Friday, June 11, 2010

Discussion on India's Border Infrastructure


ORF organised a roundtable discussion on India's Border Infrastructure on June 09, 2010. The discussion was initiated by Mr. Rajiv Pratap Rudy, Member of Parliament and was followed by three other panelists -- Brig. Arun Sahgal, Maj. Gen. Sheru Thapliyal and myself. While Brig. Sahgal dicussed the Sino-Indian border infrastructure in the broader context of Chinese grand strategy, Gen. Thapliyal elaborated on the ground situation on the border. My presentation was in the context of the larger Asian strategic context as well as the trends in Chinese military strategy and modernisation.

The interaction was well attended by military people, both serving and retired, as well as members from the diplomatic community and media. Some of the media coverage can be found here.



There is a clear military imbalance between the two; military imbalance in terms of equipments & units as well as the infrastructure. In the last few years, the infrastructural developments that China has undertaken in Tibet Autonomous Region (TAR) as well as on the India-China border provide the potential to the PLA Army to mobilize forces and equipment in a much shorter span of time. China now has a 40,000-km road network in Tibet, apart from rail links like the 1,118-km one from Lhasa to Gormo in Qinghai province. This would enable China to mobilize large forces by train and by road onto Indian borders. Earlier this exercise not only took a long time but also was impossible during winter. The new rail line into Tibet, and expressways, have changed the scenario totally.

For a long time, the politicians, bureaucracy and the military had maintained strict opposition to development/upgradation of the border infrastructure arguing that it will only facilitate Chinese walking into our territory, particularly in case of a conflict. Recently, this was acknowledged by none other than our defence minister, Antony. While addressing a function of the BRO, Antony said, “Earlier, the thinking was that inaccessibility in far-flung areas would be a deterrent to the enemies.” Describing such thoughts as an “incorrect approach,” he said the government is now taking a number of measures to upgrade roads, tunnels and airfields in the border areas (May 07, 2010). BRO DG Lt Gen AK Nanda recently had stated that the infrastructure along the borders was not improved upon earlier by design. He said, “We did not want to develop the areas because we did not want the enemy forces to take benefit out of it. But now, our approach has changed and we are building it on our capacity, modern equipment and workforce.” (September 30, 2008)
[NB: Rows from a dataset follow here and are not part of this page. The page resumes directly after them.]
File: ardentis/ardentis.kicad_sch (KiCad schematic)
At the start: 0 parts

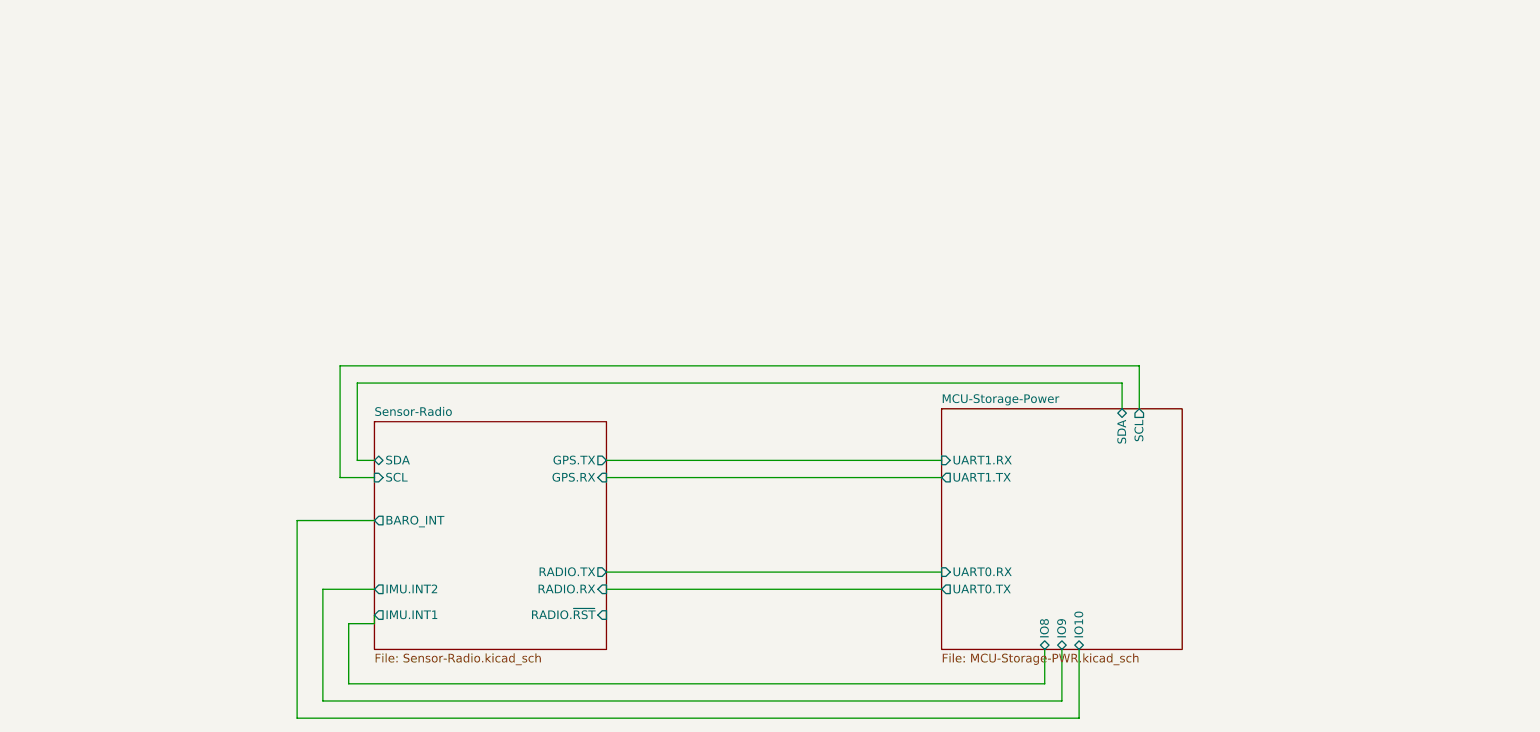
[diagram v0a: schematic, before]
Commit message: Initial code
Initial code. Theoretically will work but not tested due to lack of hardware and updates to PCB.
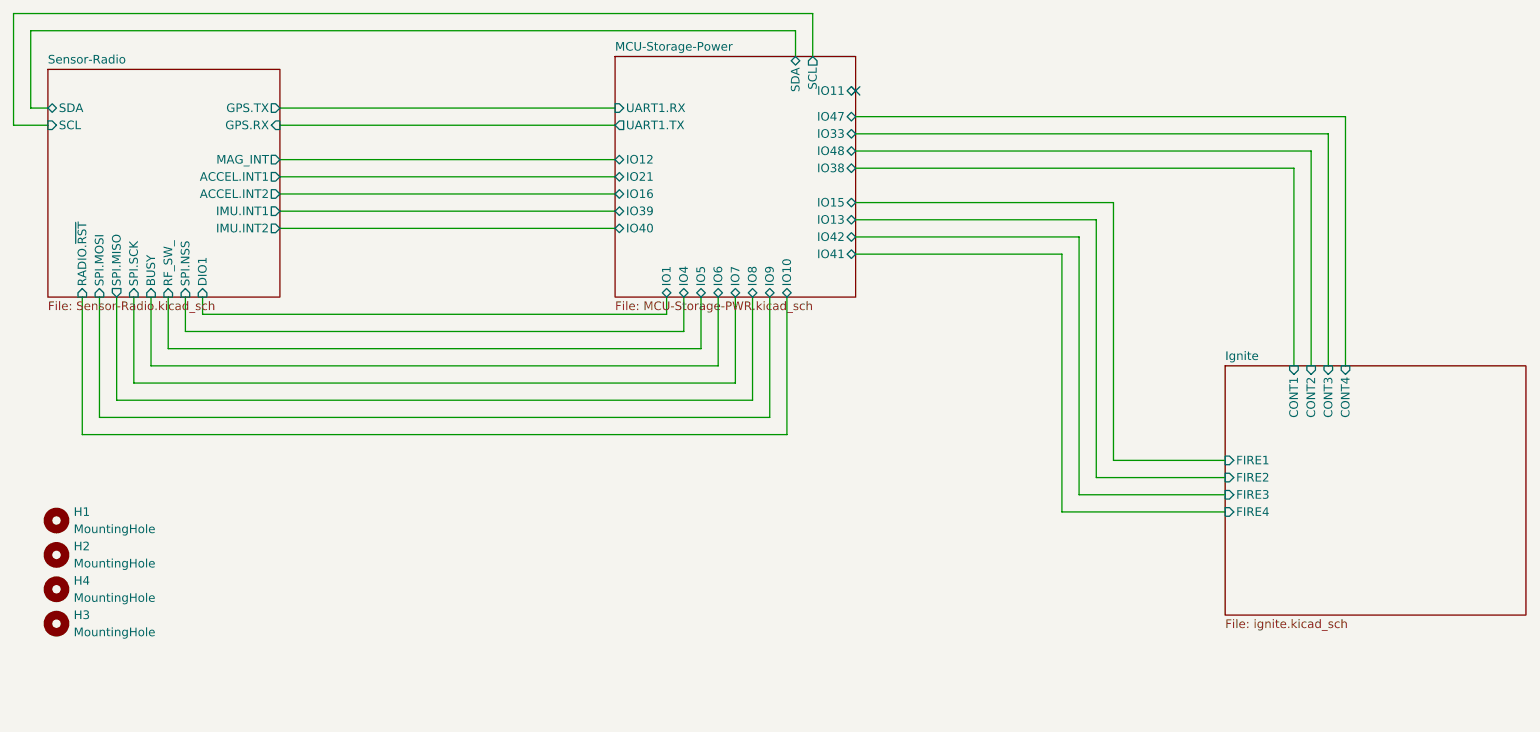
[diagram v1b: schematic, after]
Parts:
- added H1, H2, H3, H4: MountingHole, Library:MountingHole_3.5mm_Pad, symbol Library:MountingHole
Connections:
- no-connect marks 0 -> 1
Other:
- added sheet Ignite (ignite.kicad_sch)
- sheet MCU-Storage-Power ports: added IO1, IO11, IO12, IO13, IO15, IO16, IO21, IO33, IO38, IO39, IO4, IO40, IO41, IO42, IO47, IO48, IO5, IO6, IO7; removed UART0.RX, UART0.TX
- sheet Sensor-Radio ports: added ACCEL.INT1, ACCEL.INT2, BUSY, DIO1, MAG_INT, RF_SW_, SPI.MISO, SPI.MOSI, SPI.NSS, SPI.SCK; removed BARO_INT, RADIO.RX, RADIO.TX
- company: (none) -> CU INSPACE

In a potential limited conflict in the India-China context, the PLA’s contingency plans emphasize a “short and swift localized” conflict (confined to the Tawang region, along the lines of the 1999 Kargil conflict) with the following objectives in mind: capture the Tawang tract; give India’s military a bloody nose; and deliver a knockout punch that punctures India’s ambitions to be China’s equal or peer competitor once and for all.